Any one have advice on what's going on with it?


----------



## [email protected] (Jan 6, 2015)

Your right front sensor is not reading. Get the car up in the air and the wheel off and have a look around to see if anything is broken/disconnected/etc.


----------



## MechEngg (Jan 13, 2009)

itstmacc said:


> Calling on the air ride guru's for some help. I tried doing a quick search but couldn't find much relatable to the situation.
> 
> I've been having some issues with my E-level system. As of right now I have a bad strut mount, the rear air lift shocks are leaking and one of my compressors is funky.
> 
> ...


First off let's call this what it is. 
Don't say that you are having issues with your e-level system and then stem your issues of your Airlift strut mounts being bad, whatever brand of shocks leaking and Viair compressor from Accuair. These items are not related at all, so lets call this what it is. *You are having general airride problems.*

As for the Accuair E-level portion of your problem, you have broken a ride height sensor, on the front right corner. Jack up the corner and turn your wheel full lock to see if your wheel has hit a sensor, as well jack the suspension arm through it's full travel to see where the binding occurs so you won't break another sensor arm (hopefully it is just the arm). 

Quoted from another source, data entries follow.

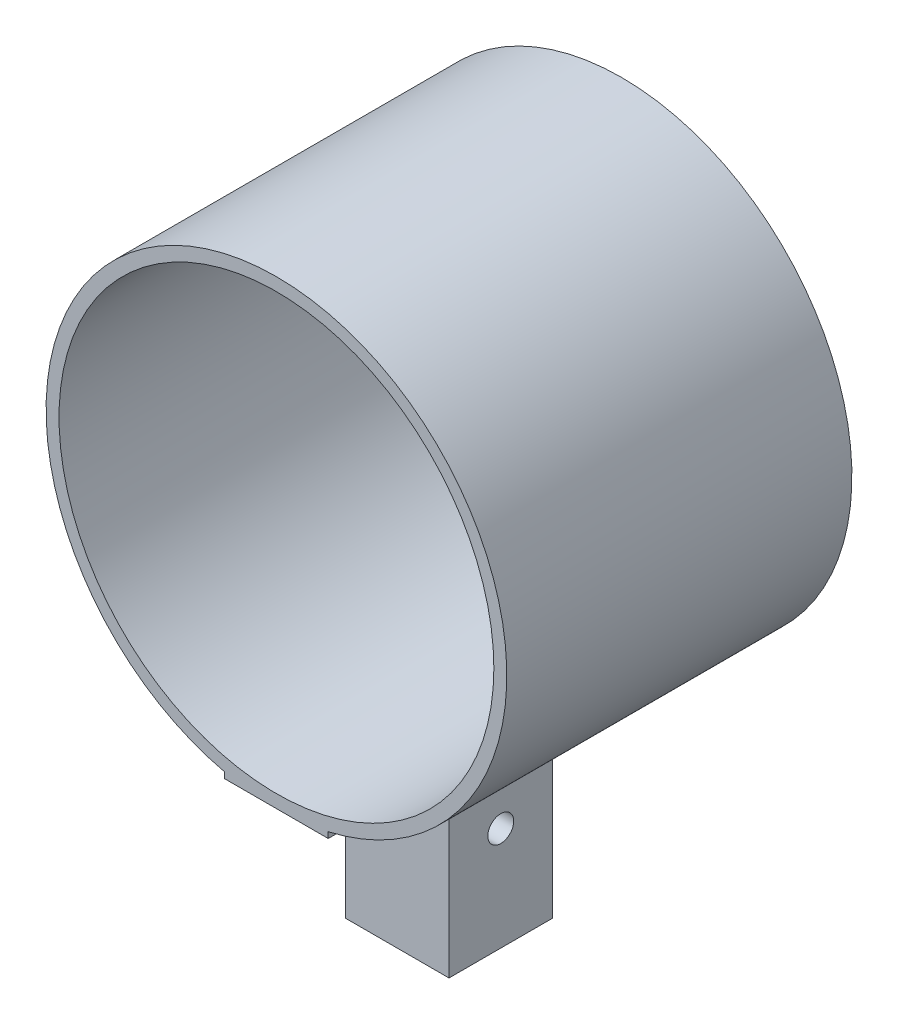
SolidWorks part; units mm, degrees
material "Polyetheretherketone (PEEK)"
ref_plane "Front Plane" through (0, 0, 0) normal (0, 0, 1) x (1, 0, 0)
ref_plane "Top Plane" through (0, 0, 0) normal (0, 1, 0) x (1, 0, 0)
ref_plane "Right Plane" through (0, 0, 0) normal (1, 0, 0) x (0, 0, -1)
sketch "Sketch1" plane through (0, 0, 0) normal (0, 0, 1) x (1, 0, 0)
  line L1 (-12.7, -56.515) -> (12.7, -56.515)
  line L2 (-12.7, -56.515) -> (-12.7, -55.0695)
  line L4 (12.7, -56.515) -> (12.7, -55.0695)
  line L5 (-12.7, -56.515) -> (12.7, -55.0695) construction
  line L6 (-12.7, -55.0695) -> (12.7, -56.515) construction
  arc A0 (12.7, -55.0695) -> (-12.7, -55.0695) centre (0, 0) ccw
  circle A1 centre (0, 0) radius 56.515 construction
  point P3 (0, -55.7923)
  dimension "SupportOutsideDiam" = 113.03
  dimension "PegWidth" = 25.4
  dimension "PegBaseHeight" = 1.4455
extrude "Boss-Extrude1" add sketch "Sketch1" along normal blind 84.6667
sketch "Sketch2" plane through (0, 0, 84.6667) normal (0, 0, 1) x (1, 0, 0)
  circle A0 centre (0, 0) radius 53.34
  dimension "SupportInsideDiam" = 106.68
extrude "Cut-Extrude1" cut sketch "Sketch2" against normal through all
sketch "Sketch3" plane through (0, -56.515, 0) normal (0, -1, 0) x (1, 0, 0)
  line L0 (12.7, 84.6667) -> (12.7, 0) construction
  line L1 (-12.7, 29.6333) -> (12.7, 29.6333)
  line L2 (-12.7, 29.6333) -> (-12.7, 55.0333)
  line L3 (-12.7, 55.0333) -> (12.7, 55.0333)
  line L4 (12.7, 29.6333) -> (12.7, 55.0333)
  line L5 (-12.7, 29.6333) -> (12.7, 55.0333) construction
  line L6 (-12.7, 55.0333) -> (12.7, 29.6333) construction
  line L7 (-12.7, 84.6667) -> (-12.7, 0) construction
  line L8 (-12.7, 0) -> (12.7, 0) construction
  point P0 (0, 42.3333)
  point P10 (-12.7, 42.3333)
  point P14 (0, 0)
extrude "Boss-Extrude2" add sketch "Sketch3" along normal blind 44.45
sketch "Sketch5" plane through (12.7, 0, 0) normal (1, 0, 0) x (0, 0, -1)
  line L0 (-29.6333, -100.965) -> (-55.0333, -100.965) construction
  line L1 (-84.6667, -56.515) -> (-55.0333, -56.515) construction
  circle A0 centre (-42.3333, -75.565) radius 3.175
  point P4 (-42.3333, -100.965)
  point P7 (-69.85, -56.515)
  dimension "D1" = 6.35
  dimension "D2" = 19.05
extrude "Cut-Extrude2" cut sketch "Sketch5" against normal through all
equation "\"ScopeLengthUnit\"= 10 * \"ScaleFactor\""
equation "\"EyepieceRadius\"= 0.75 * \"ScaleFactor\""
equation "\"ScopeThickness\"= 0.1 * \"ScaleFactor\""
equation "\"ScopeLensWidth\"= 2 * \"ScaleFactor\""
equation "\"ScopeOutsideRadius\"= 2.1 * \"ScaleFactor\""
equation "\"PegWidth\"=1"
equation "\"PegWidth@Sketch1\"=\"PegWidth\""
equation "\"SupportOutsideDiam\"= \"ScopeOutsideRadius\" * 2 + .25"
equation "\"SupportOutsideDiam@Sketch1\"=\"SupportOutsideDiam\""
equation "\"PegBaseHeight@Sketch1\" = ( \"SupportOutsideDiam\" / 2 ) - ( ( \"SupportOutsideDiam\" / 2 ) ^ 2 - ( \"PegWidth\" / 2 ) ^ 2 ) ^ ( 1 / 2 )"
equation "\"SupportInsideDiam@Sketch2\"=\"ScopeOutsideRadius\"*2"
equation "\"SupportThicknes@Boss-Extrude1\"=\"ScopeLengthUnit\"/3"
equation "\"RotatingDiskDiam\"=3"
equation "\"LegSeatWidth\"=4 "
equation "\"BoltCircleDiam\"= ( \"RotatingDiskDiam\" + \"RotatingDiskHousingDiameter\" ) / 2"
equation "\"RotatingDiskHousingDiameter\"= (\"RotatingDiskDiam\" + 2)"
equation "\"LegSeatHeight\"=2"
equation "\"LegThickness\"=0.25"
equation "\"LegHeight\"=48"
equation "\"LegBoltDiam\"=0.25"
equation "\"PinHeight\"=\"RotDiskLidHeight\" + \"RotDiskHeight\" + \"PinBoltDiam\"*3"
equation "\"D1@Boss-Extrude2\"=\"PinHeight\""
equation "\"PinBoltDiam\"=0.25"
equation "\"D1@Sketch5\"=\"PinBoltDiam\""
equation "\"RotDiskHeight\"=0.5"
equation "\"RotDiskLidHeight\"= 0.5"
equation "\"DiskSeatPinDiam\"=0.25"
equation "\"ScaleFactor\"= 1"

I would personally go around to each corner and check all the sensors for binding through their full range of movement as well as wheel rotation/contact which you may not have planned for.

The reason your car is acting like this, just to give you some technical reasoning behind it, is that with the height sensor broken it currently reads that the front right corner is higher then it should be. It will not put air in the bag, rather it will try and deflate the bag to reach the height setting (which won't change). The flashing yellow lights mean that the height input (whatever button you pressed) has not been accomplished and that it is still trying to fix the problem by adding/removing air.


----------



## itstmacc (Nov 12, 2014)

Looks like I found the issue. New hardware will be on the way soon


----------



## fasttt600 (Apr 12, 2007)

I would also be concerned with the placement of that sensor for two reasons. It looks to be a MK6 and the pas. side. 
1, I'd be concerned with the wire getting pinched when you air out, since it looks like the wire is under the frame rail and that side, the axle usually touches the rail when it airs out.
2, the location. I'd move it to the rear side of the axle. that way you don't have to deal with the swaybar being in the way.


----------



## MechEngg (Jan 13, 2009)

I concur with the bad placement of the sensor but for a different reason altogether. 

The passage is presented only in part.